Just last week I had such a file name generated by my email program when saving an attachment from a mail created by yet another bloody email program that fucks up attachment file name encoding. And the week before by unzipping a ZIP created on a German Windows.

Szorc: Mercurial's Journey to and Reflections on Python 3

Posted Jan 17, 2020 21:46 UTC (Fri) by Jandar (subscriber, #85683) [Link] (2 responses)

I keep to encounter Linux systems running application using 8-bit national encodings.

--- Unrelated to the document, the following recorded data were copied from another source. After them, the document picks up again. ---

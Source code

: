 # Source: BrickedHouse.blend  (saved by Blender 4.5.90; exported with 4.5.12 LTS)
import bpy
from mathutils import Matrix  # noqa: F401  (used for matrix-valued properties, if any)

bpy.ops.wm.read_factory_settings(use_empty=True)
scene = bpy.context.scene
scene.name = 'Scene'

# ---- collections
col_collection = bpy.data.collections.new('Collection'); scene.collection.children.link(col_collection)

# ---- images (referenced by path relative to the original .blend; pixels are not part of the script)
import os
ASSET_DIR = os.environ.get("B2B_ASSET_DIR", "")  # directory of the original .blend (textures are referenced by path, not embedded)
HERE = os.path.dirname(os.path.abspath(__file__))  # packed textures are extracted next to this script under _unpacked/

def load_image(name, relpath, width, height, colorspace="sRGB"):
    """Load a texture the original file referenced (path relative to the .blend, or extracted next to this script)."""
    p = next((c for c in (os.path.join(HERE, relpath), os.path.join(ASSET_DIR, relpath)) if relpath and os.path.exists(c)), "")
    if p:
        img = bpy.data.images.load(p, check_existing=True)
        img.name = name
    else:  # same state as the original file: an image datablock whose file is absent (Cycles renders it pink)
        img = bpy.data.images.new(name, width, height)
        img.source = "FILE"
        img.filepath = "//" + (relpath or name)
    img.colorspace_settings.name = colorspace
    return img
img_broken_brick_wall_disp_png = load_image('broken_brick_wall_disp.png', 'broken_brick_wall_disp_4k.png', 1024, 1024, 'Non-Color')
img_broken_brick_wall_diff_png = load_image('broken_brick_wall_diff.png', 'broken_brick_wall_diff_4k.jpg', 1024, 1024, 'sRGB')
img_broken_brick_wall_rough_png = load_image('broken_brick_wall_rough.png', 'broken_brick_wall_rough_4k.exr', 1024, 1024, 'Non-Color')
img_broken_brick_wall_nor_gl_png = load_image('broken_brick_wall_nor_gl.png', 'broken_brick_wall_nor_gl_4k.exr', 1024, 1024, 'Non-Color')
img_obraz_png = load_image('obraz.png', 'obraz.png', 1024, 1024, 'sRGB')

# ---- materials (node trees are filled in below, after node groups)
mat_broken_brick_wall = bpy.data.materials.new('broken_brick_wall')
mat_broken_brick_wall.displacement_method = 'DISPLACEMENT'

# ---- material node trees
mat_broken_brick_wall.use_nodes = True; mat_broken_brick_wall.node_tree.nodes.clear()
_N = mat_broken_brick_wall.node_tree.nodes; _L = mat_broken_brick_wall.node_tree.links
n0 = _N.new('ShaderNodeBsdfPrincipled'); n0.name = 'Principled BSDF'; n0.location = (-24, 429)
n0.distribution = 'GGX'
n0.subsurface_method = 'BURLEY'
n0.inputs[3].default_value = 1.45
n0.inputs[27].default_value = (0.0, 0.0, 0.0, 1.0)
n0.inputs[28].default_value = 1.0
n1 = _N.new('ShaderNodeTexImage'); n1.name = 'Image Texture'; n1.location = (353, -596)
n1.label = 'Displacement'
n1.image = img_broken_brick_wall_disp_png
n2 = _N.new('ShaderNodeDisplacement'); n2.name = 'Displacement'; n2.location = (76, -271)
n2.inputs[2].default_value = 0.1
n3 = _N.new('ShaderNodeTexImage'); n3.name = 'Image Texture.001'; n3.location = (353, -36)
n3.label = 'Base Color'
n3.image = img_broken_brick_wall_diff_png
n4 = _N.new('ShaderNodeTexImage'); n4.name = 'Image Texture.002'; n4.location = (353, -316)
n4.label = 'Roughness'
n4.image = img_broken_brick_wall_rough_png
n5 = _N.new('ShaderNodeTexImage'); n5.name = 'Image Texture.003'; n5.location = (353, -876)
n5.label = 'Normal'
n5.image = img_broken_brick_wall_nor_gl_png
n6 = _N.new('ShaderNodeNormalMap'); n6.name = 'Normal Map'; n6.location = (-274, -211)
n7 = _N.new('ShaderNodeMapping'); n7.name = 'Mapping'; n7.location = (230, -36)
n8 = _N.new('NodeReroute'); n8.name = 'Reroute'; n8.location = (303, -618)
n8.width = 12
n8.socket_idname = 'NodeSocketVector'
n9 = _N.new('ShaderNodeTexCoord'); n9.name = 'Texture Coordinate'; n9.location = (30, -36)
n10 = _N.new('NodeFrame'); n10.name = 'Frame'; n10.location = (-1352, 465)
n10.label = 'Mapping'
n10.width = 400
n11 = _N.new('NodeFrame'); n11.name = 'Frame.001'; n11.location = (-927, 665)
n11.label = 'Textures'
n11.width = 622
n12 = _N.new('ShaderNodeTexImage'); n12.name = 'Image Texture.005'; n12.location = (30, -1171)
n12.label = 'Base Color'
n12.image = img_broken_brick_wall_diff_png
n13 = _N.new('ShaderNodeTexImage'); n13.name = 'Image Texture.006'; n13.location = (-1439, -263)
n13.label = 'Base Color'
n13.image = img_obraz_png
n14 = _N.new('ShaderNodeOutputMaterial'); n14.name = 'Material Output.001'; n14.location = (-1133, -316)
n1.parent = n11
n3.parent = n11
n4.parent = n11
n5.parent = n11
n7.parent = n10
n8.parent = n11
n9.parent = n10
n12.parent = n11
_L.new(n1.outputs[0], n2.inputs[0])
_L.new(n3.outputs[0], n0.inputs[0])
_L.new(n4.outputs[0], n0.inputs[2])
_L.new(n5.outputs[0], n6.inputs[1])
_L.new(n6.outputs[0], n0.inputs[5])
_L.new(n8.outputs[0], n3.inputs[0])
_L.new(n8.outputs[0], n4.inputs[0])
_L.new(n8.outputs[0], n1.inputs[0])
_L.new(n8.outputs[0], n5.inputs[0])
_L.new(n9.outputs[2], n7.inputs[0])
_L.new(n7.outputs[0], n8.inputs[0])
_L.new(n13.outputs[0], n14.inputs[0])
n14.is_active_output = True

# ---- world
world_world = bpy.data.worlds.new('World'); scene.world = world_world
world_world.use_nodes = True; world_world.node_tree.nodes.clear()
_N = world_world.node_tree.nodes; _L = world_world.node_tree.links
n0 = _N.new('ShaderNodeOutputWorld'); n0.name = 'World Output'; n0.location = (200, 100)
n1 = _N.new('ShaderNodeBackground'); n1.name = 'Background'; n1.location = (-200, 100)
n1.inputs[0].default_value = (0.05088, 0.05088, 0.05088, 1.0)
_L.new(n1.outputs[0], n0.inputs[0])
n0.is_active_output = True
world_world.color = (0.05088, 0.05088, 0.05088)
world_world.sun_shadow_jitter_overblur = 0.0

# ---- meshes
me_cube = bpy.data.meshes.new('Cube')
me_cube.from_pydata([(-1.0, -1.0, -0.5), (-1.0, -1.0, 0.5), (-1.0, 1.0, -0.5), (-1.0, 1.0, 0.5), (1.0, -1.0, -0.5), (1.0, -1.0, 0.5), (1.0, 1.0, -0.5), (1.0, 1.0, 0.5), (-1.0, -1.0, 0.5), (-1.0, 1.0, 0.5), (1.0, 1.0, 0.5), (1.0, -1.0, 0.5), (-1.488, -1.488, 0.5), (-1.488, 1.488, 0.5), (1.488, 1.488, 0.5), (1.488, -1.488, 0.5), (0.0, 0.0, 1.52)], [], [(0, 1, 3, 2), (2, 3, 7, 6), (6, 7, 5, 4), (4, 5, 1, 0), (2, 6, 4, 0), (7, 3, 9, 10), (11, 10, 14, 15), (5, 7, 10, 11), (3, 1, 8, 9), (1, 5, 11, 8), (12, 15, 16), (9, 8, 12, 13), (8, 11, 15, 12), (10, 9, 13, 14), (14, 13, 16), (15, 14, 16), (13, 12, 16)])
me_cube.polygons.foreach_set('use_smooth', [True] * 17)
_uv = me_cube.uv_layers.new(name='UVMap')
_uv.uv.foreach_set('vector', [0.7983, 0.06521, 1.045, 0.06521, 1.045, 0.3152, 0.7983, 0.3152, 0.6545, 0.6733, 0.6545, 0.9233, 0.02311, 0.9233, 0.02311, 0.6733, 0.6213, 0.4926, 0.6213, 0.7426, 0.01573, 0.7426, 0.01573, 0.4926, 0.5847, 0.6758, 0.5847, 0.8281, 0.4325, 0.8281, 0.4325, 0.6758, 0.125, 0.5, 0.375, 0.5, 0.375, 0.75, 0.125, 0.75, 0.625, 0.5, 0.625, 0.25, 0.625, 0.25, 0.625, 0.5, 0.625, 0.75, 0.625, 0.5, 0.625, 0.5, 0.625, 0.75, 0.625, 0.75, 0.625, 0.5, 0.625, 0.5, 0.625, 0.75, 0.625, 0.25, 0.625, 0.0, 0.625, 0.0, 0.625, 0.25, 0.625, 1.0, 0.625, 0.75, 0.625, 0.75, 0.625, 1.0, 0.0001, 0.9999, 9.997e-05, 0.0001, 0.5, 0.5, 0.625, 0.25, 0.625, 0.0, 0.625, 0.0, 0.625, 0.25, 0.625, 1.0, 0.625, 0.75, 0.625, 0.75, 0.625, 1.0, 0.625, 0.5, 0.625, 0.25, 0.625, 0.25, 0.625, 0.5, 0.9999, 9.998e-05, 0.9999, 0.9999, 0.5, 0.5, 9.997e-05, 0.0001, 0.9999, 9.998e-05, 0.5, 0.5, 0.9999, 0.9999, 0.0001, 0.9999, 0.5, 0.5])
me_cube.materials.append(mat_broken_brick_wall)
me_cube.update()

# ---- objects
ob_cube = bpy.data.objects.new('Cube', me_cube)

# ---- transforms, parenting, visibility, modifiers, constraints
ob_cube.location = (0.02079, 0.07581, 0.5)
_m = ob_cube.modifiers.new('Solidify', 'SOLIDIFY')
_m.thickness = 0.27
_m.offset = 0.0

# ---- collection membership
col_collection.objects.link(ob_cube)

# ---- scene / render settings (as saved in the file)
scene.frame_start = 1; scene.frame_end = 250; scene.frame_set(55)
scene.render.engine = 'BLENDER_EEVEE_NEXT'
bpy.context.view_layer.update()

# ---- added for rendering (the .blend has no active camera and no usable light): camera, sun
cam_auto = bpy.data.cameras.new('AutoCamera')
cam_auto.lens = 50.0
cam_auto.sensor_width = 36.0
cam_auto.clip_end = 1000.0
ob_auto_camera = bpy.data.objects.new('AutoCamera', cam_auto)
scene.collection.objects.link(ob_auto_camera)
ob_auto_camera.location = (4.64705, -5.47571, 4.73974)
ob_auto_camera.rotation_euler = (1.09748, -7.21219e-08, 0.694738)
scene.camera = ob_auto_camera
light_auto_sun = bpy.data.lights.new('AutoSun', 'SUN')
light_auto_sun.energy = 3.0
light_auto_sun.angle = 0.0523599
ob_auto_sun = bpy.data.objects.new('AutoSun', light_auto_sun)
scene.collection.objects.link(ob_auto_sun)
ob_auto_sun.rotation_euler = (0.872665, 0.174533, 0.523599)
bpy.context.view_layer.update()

The same appears in Samba exported directories from decades old software controlling equally old instruments.

Seeing systems with only UTF-8 filenames is a rarity for me.

Enforcing UTF-8 only filenames is a complete no-go, even considering it is crazy.

Szorc: Mercurial's Journey to and Reflections on Python 3

Posted Jan 17, 2020 22:47 UTC (Fri) by marcH (subscriber, #57642) [Link] (1 responses)

> I keep to encounter Linux systems running application using 8-bit national encodings.

Interesting, how does software on these systems typically know how to decode, display, exchange and generally deal with these encodings?

I understand Python itself enforces explicit encodings, not UTF-8.

Szorc: Mercurial's Journey to and Reflections on Python 3

Posted Jan 19, 2020 10:01 UTC (Sun) by Jandar (subscriber, #85683) [Link]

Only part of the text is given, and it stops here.